Resolutions of the Annual General Meeting
24 March 2023 at 11.45 am EET
Resolutions of Gofore Plc’s Annual General Meeting and Organisation Meeting of the Board of Directors on 24 March 2023
The Annual General Meeting of Gofore Plc was held on 24 March 2023 at 10 am EET at Kalevantie 2, 33100 Tampere. Shareholders and their proxy representatives could participate in the Annual General Meeting and exercise their rights both by voting in advance and by making counterproposals and presenting questions in advance, and exercising their voting and speaking right onsite the meeting.
The minutes of the General Meeting in Finnish will be available on Gofore Plc’s website at https://gofore.com/en/invest/governance/annual-general-meeting-2023/ latest on 7 April 2023.
Adoption of the financial statements
The Annual General Meeting adopted the company’s financial statements for the financial period from 1 January–31 December 2022.

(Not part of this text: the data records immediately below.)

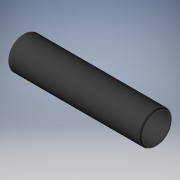
# Autodesk Inventor part: 04R-3.25550SR
Saved by Autodesk Inventor 2019 (Build 230136000, 136)
## iProperties
Created: 2023-01-12
Part Number: 04R-3.25550SR
Material: Generic
Catalog Web Link: www.cadenas.de
Description: Tube-Original Line - Standard Air Cylinders
Vendor: BIMBA
Document SubType Name: Modeling
Designer: psAdmin
Manufacturer: BIMBA
Mass: 3.10566 g
Surface Area: 106.126 cm^2
Volume: 3.10566 cm^3
Density: 1 g/cm^3
Appearance: PSOLRGB-180-180-180
Category: PARTsolutions
Company: BIMBA
Title: 04R-3.25550SR
Author: Cadenas PARTsolutions
Comments: Original Line - Standard Air Cylinders
PSOL_IDENT_0: {$CADENAS_DATA/23d-libs/bimba/bimba_brand/bimba_imperial/bimba_full_line/original_line_cylinders/sta
PSOL_IDENT_1: ndard_air_cylinders/tube.prj},205 {VTYP=3D},{NB=04R-3.25550SR},{LINA=04R-3.25550SR},{NN=Tube},{DATE=
PSOL_IDENT_2: 23.12.2022 11:35:28},{GEOMDATE=12.07.2022 08:39:00},{VERSION=},{LINEID=40},{WBVAR=MNT,ACTING,NR,L,FO
PSOL_IDENT_3: URHOLES,SR,K},{WBNUMERIC=L,FOURHOLES}  {NB=04R-3.25550SR},{LINA=04R-3.25550SR},{KT=DUMMY},{PN=04R-3.
PSOL_IDENT_4: 25550SR},{BORE=0.75000000},{BOREPN=04},{MNT=},{MNTALG='' , 'Front Nose' , 'BF' , 'Front Block' , 'BF
PSOL_IDENT_5: T' , 'Front Trunnion' , 'A' , 'Adjustable Stroke'},{ACTING=R},{ACTINGALG= '' , 'Single Acting' , 'R'
PSOL_IDENT_6: , 'Reverse/Double Acting' },{NR=},{NRALG= '' , 'N/A' },{L=3.2555},{OD=0.8075},{ODN=0.8050},{ODP=0.8
PSOL_IDENT_7: 625},{ODB=0.8325},{ID=0.7615},{DV=0.00000000},{LV=0.00000000},{LV1=0.00000000},{G=0.0300},{FOURHOLES=
PSOL_IDENT_8: 0},{AA=0.3750},{BB=0.0940},{SR=SR},{SRALG= 'C' , 'Carbon Steel Rod' , 'SR' , '303 Stainless Steel Ro
PSOL_IDENT_9: d' , '' , '303 Stainless Steel Rod'},{KALG= '', 'Standard' , 'K' , 'Ports Rotated 90deg' },{K=}
NB: 04R-3.25550SR
NN: Tube
NT: Original Line - Standard Air Cylinders
NBSYN: $PN.
LINA: 04R-3.25550SR
CATALOG: Bimba Products
BORE: 0
BOREPN: 04
MNT: Front Nose
MNTALG: '' , 'Front Nose' , 'BF' , 'Front Block' , 'BFT' , 'Front Trunnion' , 'A' , 'Adjustable Stroke'
ACTING: Reverse/Double Acting
NR: N/A
L: 3.2555
ODN: 0.805
ODP: 0.8625
ODB: 0.8325
ID: 0.7615
DV: 0
LV: 0
LV1: 0
G: 0.03
FOURHOLES: 0
AA: 0.375
BB: 0.094
SR: 303 Stainless Steel Rod
K: Standard
SUPPLIER: BIMBA
ARTICLENO: 04R-3.25550SR
BOMINFO: 04R-3.25550SR
CREATOR: CADENAS GmbH
Autodesk Inventor part; units mm, degrees
sketch "Sketch_1" plane through (0, 0, 0) normal (0, 0, 1) x (1, 0, 0)
  line L0 (82.6897, 0) -> (0, 0)
  arc A0 (-0.6395, 9.3472) -> (-0.6395, 9.1676) centre (-0.5497, 9.2574) ccw
  line L1 (-0.6395, 9.1676) -> (-0.381, 8.9091)
  line L2 (-0.381, 8.9091) -> (0, 8.9091)
  line L3 (0, 8.9091) -> (0.762, 9.671)
  line L4 (0.762, 9.671) -> (81.9277, 9.671)
  line L5 (81.9277, 9.671) -> (82.6897, 8.9091)
  line L6 (82.6897, 8.9091) -> (83.0707, 8.9091)
  line L7 (83.0707, 8.9091) -> (83.3292, 9.1676)
  arc A1 (83.3292, 9.1676) -> (83.3292, 9.3472) centre (83.2394, 9.2574) ccw
  line L8 (83.3292, 9.3472) -> (82.6443, 10.0321)
  arc A2 (82.6443, 10.0321) -> (82.1055, 10.2553) centre (82.1055, 9.4933) ccw
  line L9 (82.1055, 10.2553) -> (0.5842, 10.2553)
  arc A3 (0.5842, 10.2553) -> (0.0454, 10.0321) centre (0.5842, 9.4933) ccw
  line L10 (0.0454, 10.0321) -> (-0.6395, 9.3472)
  constraints: 22 end point, 8 point on circle, 4 centre point
revolve "Revolution1" add sketch "Sketch_1" angle 360 about axis through (82.6897, 0, 0) along (1, 0, 0)
ref_plane "cp1_XY" through (41.3448, 0, 10.2553) normal (1, 0, 0) x (0, 0, -1)
ref_plane "cp1_YZ" through (41.3448, 0, 10.2553) normal (0, 0, -1) x (0, 1, 0)
ref_plane "cp1_ZX" through (41.3448, 0, 10.2553) normal (0, 1, 0) x (1, 0, 0)
ref_plane "cp2_XY" through (41.3448, 10.2553, 0) normal (1, 0, 0) x (0, 0, -1)
ref_plane "cp2_YZ" through (41.3448, 10.2553, 0) normal (0, 0, -1) x (0, 1, 0)
ref_plane "cp2_ZX" through (41.3448, 10.2553, 0) normal (0, 1, 0) x (1, 0, 0)
ref_plane "cp3_XY" through (41.3448, 0, -10.2553) normal (1, 0, 0) x (0, 0, -1)
ref_plane "cp3_YZ" through (41.3448, 0, -10.2553) normal (0, 0, -1) x (0, 1, 0)
ref_plane "cp3_ZX" through (41.3448, 0, -10.2553) normal (0, 1, 0) x (1, 0, 0)
ref_plane "cp4_XY" through (41.3448, -10.2553, 0) normal (1, 0, 0) x (0, 0, -1)
ref_plane "cp4_YZ" through (41.3448, -10.2553, 0) normal (0, 0, -1) x (0, 1, 0)
ref_plane "cp4_ZX" through (41.3448, -10.2553, 0) normal (0, 1, 0) x (1, 0, 0)
ref_plane "tube_front_XY" through (0, 0, 0) normal (1, 0, 0) x (0, 0, -1)
ref_plane "tube_front_YZ" through (0, 0, 0) normal (0, 0, -1) x (0, 1, 0)
ref_plane "tube_front_ZX" through (0, 0, 0) normal (0, 1, 0) x (1, 0, 0)
ref_plane "tube_rear_XY" through (82.6897, 0, 0) normal (1, 0, 0) x (0, 0, -1)
ref_plane "tube_rear_YZ" through (82.6897, 0, 0) normal (0, 0, -1) x (0, 1, 0)
ref_plane "tube_rear_ZX" through (82.6897, 0, 0) normal (0, 1, 0) x (1, 0, 0)
body "Solid1"

Dividend of EUR 0.34 per share
The Annual General Meeting confirmed a dividend of EUR 0.34 per share to be paid for the financial period 1 January– 31 December 2022. The total amount of dividend is EUR 5,272,084.88, calculated on the basis of the outstanding shares as per the day of the Annual General Meeting. The record date for the dividend distribution will be 28 March 2023 and the dividend payment date will be 4 April 2023.
Resolution on discharge from liability
It was resolved to discharge the members of the Board of Directors and the CEO from liability for the financial period of 1 January–31 December 2022.
It was resolved to adopt the Remuneration Report for the Governing Bodies.
Remuneration of the members of the Board of Directors
It was resolved that the remuneration for the Chair of the Board is EUR 6,000 per month and for the members of the Board EUR 3,000 per month. In addition, it was approved that the Shareholders’ Nomination Board proposes that each Board Member be paid a fee for each committee meeting as follows: The Chair of the Committee should be paid EUR 800 and other committee members EUR 400 for each meeting. All members of the Board will be compensated for travel expenses against receipt in accordance with the company’s travel policy.
The number of members of the Board of Directors
It was resolved that the Board of Directors consists of six members.
Composition of the Board of Directors
The following persons were re-elected as the Board of Directors: Eveliina Huurre, Mammu Kaario, Piia-Noora Kauppi, Timur Kärki, Tapani Liimatta and Sami Somero.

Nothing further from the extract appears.